Bloody auto correct! I even googled to get the spelling right. I thought they used models for the crashing planes, but may be wrong. 

I've got a 50" Plasma at home, which whilst not the cinema is good enough for most stuff, but obviously imax is next level. My speakers can't quite compete with that level of surround sound either. Did cost me £36 for two tickets though, so expect it to be good!


----------



## Spymaster (Aug 3, 2017)

UnderAnOpenSky said:


> Bloody auto correct! I even googled to get the spelling right. I thought they used models for the crashing planes, but may be wrong.


I thought it was an attempt at a humorous play on the name.


----------



## DJWrongspeed (Aug 3, 2017)

Caught this evening. Big screen & Big sound. The first stuka bombers bit is terrifying with all the heightened soundtrack, makes Star Wars seem like the playschool.

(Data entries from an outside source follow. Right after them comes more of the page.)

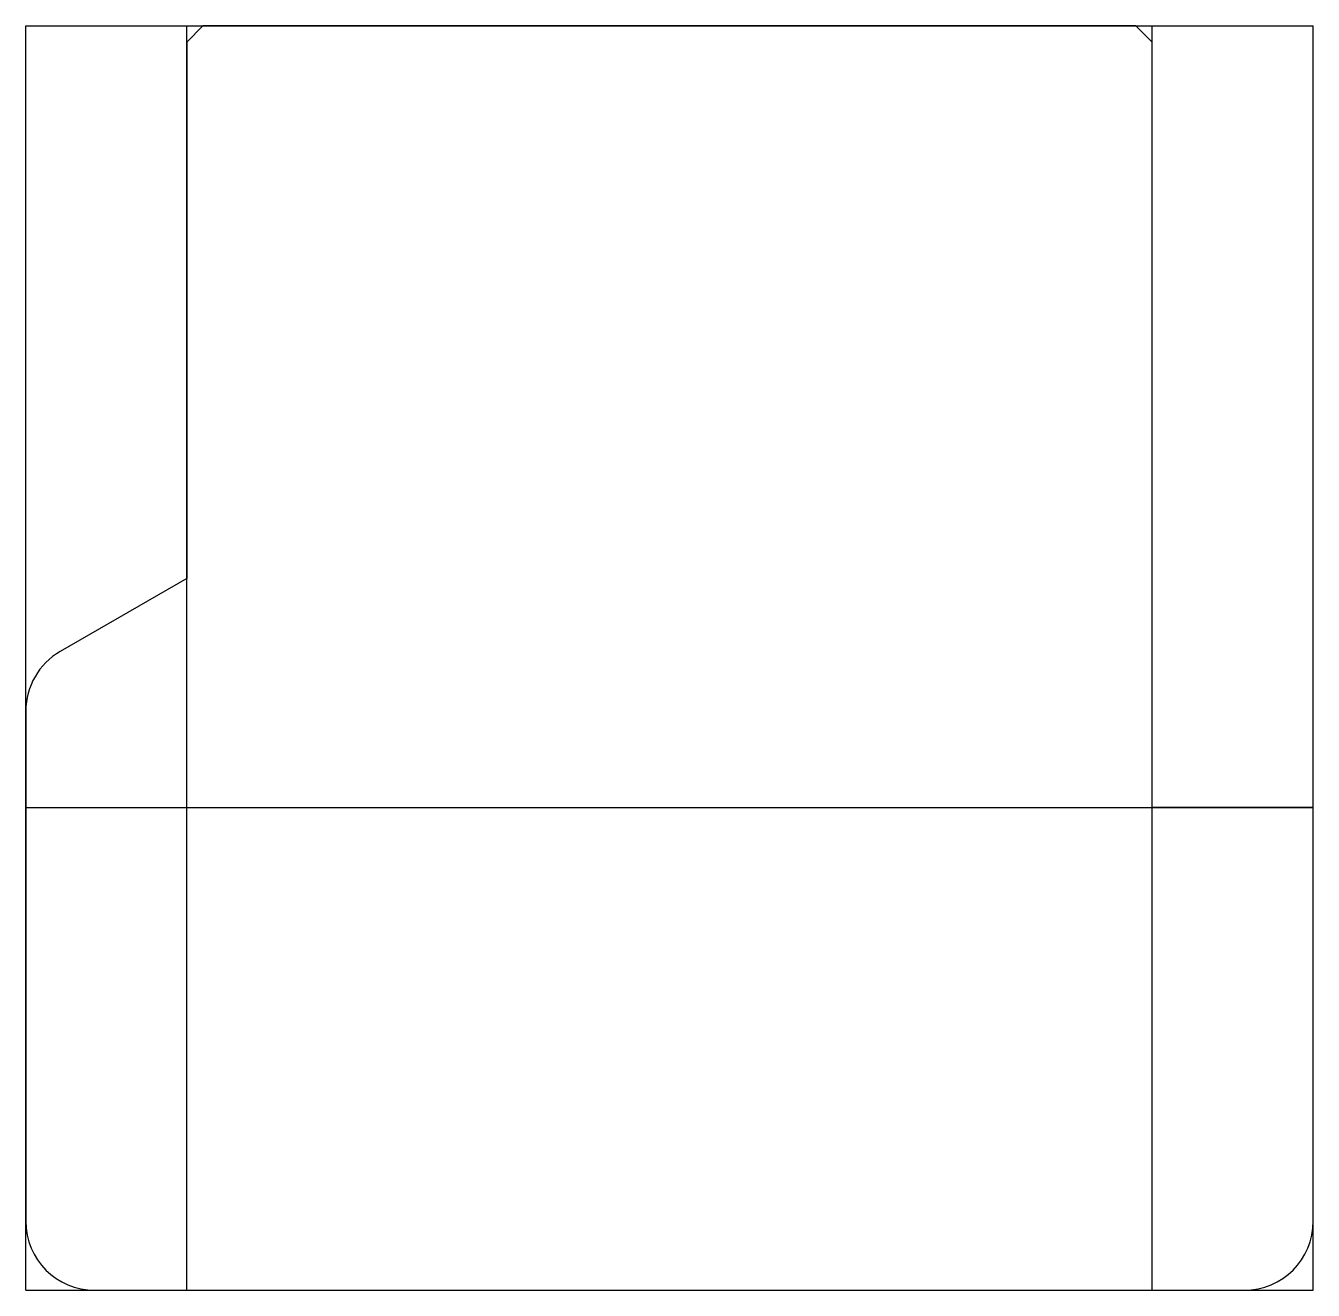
# Model space of a CAD drawing. Extents: x -13.7 to 42.3, y -17 to 38.
import ezdxf

# ---------------------------------------------------------------- set-up
doc = ezdxf.new("R2010")
doc.units = 0
doc.layers.get('0').update_dxf_attribs({"linetype": 'CONTINUOUS'})

msp = doc.modelspace()

# ---------------------------------------------------------------- linework, layer by layer
at = {"linetype": 'CONTINUOUS'}
for p, q in [((-13.68, 38), (42.32, 38)), ((-13.68, -17), (-13.68, 38)), ((-6.68, -17), (-6.68, 38)), ((-5.98, 38), (-6.68, 37.29)), ((-5.98, 38), (-6.68, 37.29)), ((34.61, 38), (-5.98, 38)), ((34.61, 38), (-5.98, 38)), ((35.32, 37.29), (34.61, 38)), ((35.32, 37.29), (34.61, 38)), ((35.32, -17), (35.32, 38)), ((42.32, -17), (42.32, 38)), ((-6.68, 37.29), (-6.68, 13.96)), ((-6.68, 37.29), (-6.68, 13.96)), ((35.32, 4), (35.32, 37.29)), ((35.32, 4), (35.32, 37.29)), ((-6.68, 13.96), (-12.18, 10.78)), ((-6.68, 13.96), (-12.18, 10.78)), ((-13.68, 8.19), (-13.68, -14)), ((-13.68, -14), (-13.68, 8.19)), ((-13.68, 4), (42.32, 4)), ((42.32, 4), (35.32, 4)), ((42.32, 4), (35.32, 4)), ((42.32, -14), (42.32, 4)), ((42.32, -14), (42.32, 4)), ((-13.68, -17), (42.32, -17)), ((-10.68, -17), (39.32, -17)), ((-10.68, -17), (39.32, -17))]:
    msp.add_line(p, q, dxfattribs=at)
for centre, start, end in [((-10.68, 8.182), 119.9998, 179.8456), ((-10.68, 8.182), 119.9998, 179.8456), ((-10.68, -14), 180, 270), ((-10.68, -14), 180, 270), ((39.32, -14), 270, 0), ((39.32, -14), 270, 0)]:
    msp.add_arc(centre, 3, start, end, dxfattribs=at)

doc.saveas('drawing.dxf')

Not sure what to make of it really. I'm not sure what it's trying to do. It doesn't really the tell whole story, these are the good bits but then there are moments when it's really laying on the story of the whole national miracle of Dunkirk etc, so it seems a bit confused.

It did look like hell though and the weather looked crap......if only they'd managed to stitch the weather together a bit better


----------



## gaijingirl (Aug 4, 2017)

We went to see this last night and it slightly traumatised me.  It was so incredibly intense - I think largely due to the musical score.  One of my companions felt that the score was too relentless and that the lack of relief from the tension was a failing.  Certainly I was physically tensing throughout most of the film myself.  My other companion felt that there should have been more in the way of context to the Dunkirk evacuation but I wonder where would that end?  It set out to be a snapshot of an hour/day/week and that's what we got.  In terms of wider context there was enough given away in the newsreel scenes and also the homecoming scene I thought.  We did also find the last bit with Tom Hardy a bit...  (not wanting to give too much away here) but after all - it _is _Tom Hardy!  I also agree with the poster about the actual buildings/settings/train seeming too modern - but these are small quibbles.

I'm not sure I could watch that film again.  I thought it was amazing and I am very glad I saw it - but I found it physically quite exhausting to watch - which is probably right - how else to convey something so traumatic and physically exhausting?  I haven't stopped thinking about it actually.


----------



## chandlerp (Aug 4, 2017)

Anybody else spot Sgt Bob Crier out of The Bill as the old chap in the hat banging on the train window near the end?


----------



## Wilf (Aug 4, 2017)

chandlerp said:


> Anybody else spot Sgt Bob Crier out of The Bill as the old chap in the hat banging on the train window near the end?


Yep! Though I still can't remember Michael Caine.


----------



## chandlerp (Aug 4, 2017)

No I don't remember seeing Michael Caine at all


----------



## Orang Utan (Aug 4, 2017)

You don't see him, you just hear his voice - he's an RAF radio controller talking to the men in the fighters.


----------



## Orang Utan (Aug 4, 2017)

I liked it a bit more than Richard Kovitch, but I am much in agreement with him here:






It's definitely no Come & See


----------



## Cloo (Aug 5, 2017)

Orang Utan said:


> You don't see him, you just hear his voice - he's an RAF radio controller talking to the men in the fighters.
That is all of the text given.